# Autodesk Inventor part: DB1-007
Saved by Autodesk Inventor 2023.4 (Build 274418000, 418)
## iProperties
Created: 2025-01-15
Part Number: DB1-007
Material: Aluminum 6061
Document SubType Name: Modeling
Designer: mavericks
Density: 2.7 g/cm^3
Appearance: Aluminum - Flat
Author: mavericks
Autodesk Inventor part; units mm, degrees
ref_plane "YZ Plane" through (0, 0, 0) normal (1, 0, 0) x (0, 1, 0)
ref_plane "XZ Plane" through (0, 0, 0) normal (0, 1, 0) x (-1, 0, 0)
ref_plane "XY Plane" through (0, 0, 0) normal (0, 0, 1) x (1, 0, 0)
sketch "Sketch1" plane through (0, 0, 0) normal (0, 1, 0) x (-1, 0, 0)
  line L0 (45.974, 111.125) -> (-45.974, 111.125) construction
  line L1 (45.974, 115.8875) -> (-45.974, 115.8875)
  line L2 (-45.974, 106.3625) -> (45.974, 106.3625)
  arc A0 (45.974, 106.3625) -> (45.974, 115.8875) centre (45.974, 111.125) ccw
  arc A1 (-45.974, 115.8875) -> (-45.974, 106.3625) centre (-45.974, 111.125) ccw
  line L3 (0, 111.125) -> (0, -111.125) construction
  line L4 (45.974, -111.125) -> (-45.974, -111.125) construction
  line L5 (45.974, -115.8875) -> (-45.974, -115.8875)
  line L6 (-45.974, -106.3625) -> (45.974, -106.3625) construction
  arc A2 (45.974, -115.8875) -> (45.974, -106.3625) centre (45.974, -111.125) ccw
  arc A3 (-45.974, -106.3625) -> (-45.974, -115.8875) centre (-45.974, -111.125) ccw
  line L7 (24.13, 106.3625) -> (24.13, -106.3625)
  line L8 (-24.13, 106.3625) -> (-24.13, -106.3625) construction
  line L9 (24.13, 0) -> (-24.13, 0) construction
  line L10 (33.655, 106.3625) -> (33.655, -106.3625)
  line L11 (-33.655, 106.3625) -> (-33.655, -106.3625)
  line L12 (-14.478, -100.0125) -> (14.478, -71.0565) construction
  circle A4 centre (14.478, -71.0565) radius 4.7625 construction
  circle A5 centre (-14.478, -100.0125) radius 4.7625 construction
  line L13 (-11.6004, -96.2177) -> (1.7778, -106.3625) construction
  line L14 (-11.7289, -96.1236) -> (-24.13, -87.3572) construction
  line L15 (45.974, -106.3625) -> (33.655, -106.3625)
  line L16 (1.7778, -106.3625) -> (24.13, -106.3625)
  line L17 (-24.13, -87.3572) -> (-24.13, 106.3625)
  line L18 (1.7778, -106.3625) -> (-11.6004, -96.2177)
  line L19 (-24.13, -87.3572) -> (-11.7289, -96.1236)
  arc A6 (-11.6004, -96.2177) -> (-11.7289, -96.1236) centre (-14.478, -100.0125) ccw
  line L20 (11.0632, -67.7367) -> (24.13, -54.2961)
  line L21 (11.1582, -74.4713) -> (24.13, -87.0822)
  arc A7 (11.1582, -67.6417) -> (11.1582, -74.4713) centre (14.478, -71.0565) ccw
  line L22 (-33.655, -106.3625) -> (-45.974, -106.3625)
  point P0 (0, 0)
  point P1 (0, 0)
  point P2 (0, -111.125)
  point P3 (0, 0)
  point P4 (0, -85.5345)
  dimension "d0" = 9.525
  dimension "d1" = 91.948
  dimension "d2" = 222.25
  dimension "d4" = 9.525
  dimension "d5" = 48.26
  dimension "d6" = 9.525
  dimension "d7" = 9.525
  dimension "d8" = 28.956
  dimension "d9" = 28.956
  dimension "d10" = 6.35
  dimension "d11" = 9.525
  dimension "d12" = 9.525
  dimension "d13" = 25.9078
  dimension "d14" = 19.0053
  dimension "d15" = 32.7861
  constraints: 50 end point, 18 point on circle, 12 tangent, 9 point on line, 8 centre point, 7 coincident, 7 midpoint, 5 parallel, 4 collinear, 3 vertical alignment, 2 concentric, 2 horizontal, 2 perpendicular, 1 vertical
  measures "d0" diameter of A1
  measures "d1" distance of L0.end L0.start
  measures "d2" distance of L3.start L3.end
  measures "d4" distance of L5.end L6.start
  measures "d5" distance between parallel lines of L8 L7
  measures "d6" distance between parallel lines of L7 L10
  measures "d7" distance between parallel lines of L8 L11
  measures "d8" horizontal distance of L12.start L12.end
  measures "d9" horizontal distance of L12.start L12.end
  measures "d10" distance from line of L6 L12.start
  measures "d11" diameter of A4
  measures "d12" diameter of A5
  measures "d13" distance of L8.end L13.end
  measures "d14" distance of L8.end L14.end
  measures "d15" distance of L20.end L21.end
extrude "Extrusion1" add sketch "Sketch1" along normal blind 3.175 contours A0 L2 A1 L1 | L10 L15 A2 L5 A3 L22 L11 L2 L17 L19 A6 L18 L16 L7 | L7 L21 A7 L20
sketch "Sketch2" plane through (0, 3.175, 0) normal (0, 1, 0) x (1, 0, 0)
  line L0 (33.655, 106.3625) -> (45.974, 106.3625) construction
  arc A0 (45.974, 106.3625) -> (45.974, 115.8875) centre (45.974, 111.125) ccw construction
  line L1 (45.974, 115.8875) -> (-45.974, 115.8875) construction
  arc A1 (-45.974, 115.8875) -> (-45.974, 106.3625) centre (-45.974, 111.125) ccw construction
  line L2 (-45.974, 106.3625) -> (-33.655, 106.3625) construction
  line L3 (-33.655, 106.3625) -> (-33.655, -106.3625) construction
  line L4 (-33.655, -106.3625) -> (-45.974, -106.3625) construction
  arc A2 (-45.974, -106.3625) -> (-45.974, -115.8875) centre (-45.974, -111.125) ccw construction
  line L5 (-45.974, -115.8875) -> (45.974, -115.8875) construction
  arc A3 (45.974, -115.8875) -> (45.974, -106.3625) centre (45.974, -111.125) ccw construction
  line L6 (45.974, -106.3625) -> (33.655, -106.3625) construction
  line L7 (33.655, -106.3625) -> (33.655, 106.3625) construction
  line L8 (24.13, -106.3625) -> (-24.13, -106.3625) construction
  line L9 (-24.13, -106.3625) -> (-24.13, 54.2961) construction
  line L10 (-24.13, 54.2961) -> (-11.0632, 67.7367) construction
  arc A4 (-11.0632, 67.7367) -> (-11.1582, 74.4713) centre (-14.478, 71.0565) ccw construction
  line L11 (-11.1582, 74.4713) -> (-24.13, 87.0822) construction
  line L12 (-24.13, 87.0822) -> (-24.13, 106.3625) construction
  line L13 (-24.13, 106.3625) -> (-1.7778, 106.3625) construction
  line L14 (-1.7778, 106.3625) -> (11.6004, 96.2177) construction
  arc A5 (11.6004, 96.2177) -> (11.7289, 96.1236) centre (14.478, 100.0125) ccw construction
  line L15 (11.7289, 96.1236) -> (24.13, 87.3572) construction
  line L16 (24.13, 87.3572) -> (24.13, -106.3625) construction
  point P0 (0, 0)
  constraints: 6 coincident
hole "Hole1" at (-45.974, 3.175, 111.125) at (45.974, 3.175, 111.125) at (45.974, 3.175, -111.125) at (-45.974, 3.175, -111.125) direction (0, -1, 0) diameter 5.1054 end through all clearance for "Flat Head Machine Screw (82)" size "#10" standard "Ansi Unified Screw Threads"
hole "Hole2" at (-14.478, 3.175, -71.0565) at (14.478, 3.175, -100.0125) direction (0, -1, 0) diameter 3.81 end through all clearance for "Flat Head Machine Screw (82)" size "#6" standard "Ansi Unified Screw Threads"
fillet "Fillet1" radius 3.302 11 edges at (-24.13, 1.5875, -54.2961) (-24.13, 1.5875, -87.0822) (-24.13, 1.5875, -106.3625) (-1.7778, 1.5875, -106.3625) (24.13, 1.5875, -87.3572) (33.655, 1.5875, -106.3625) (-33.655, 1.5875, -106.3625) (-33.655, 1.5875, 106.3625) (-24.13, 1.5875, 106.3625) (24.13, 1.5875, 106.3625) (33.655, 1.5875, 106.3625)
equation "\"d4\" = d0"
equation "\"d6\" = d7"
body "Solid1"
◇ ◇ ◇ ◇ ◇ ◇ ◇
Wherever a line holds the word "Head", copy that line out of the entries above.

hole "Hole1" at (-45.974, 3.175, 111.125) at (45.974, 3.175, 111.125) at (45.974, 3.175, -111.125) at (-45.974, 3.175, -111.125) direction (0, -1, 0) diameter 5.1054 end through all clearance for "Flat Head Machine Screw (82)" size "#10" standard "Ansi Unified Screw Threads"
hole "Hole2" at (-14.478, 3.175, -71.0565) at (14.478, 3.175, -100.0125) direction (0, -1, 0) diameter 3.81 end through all clearance for "Flat Head Machine Screw (82)" size "#6" standard "Ansi Unified Screw Threads"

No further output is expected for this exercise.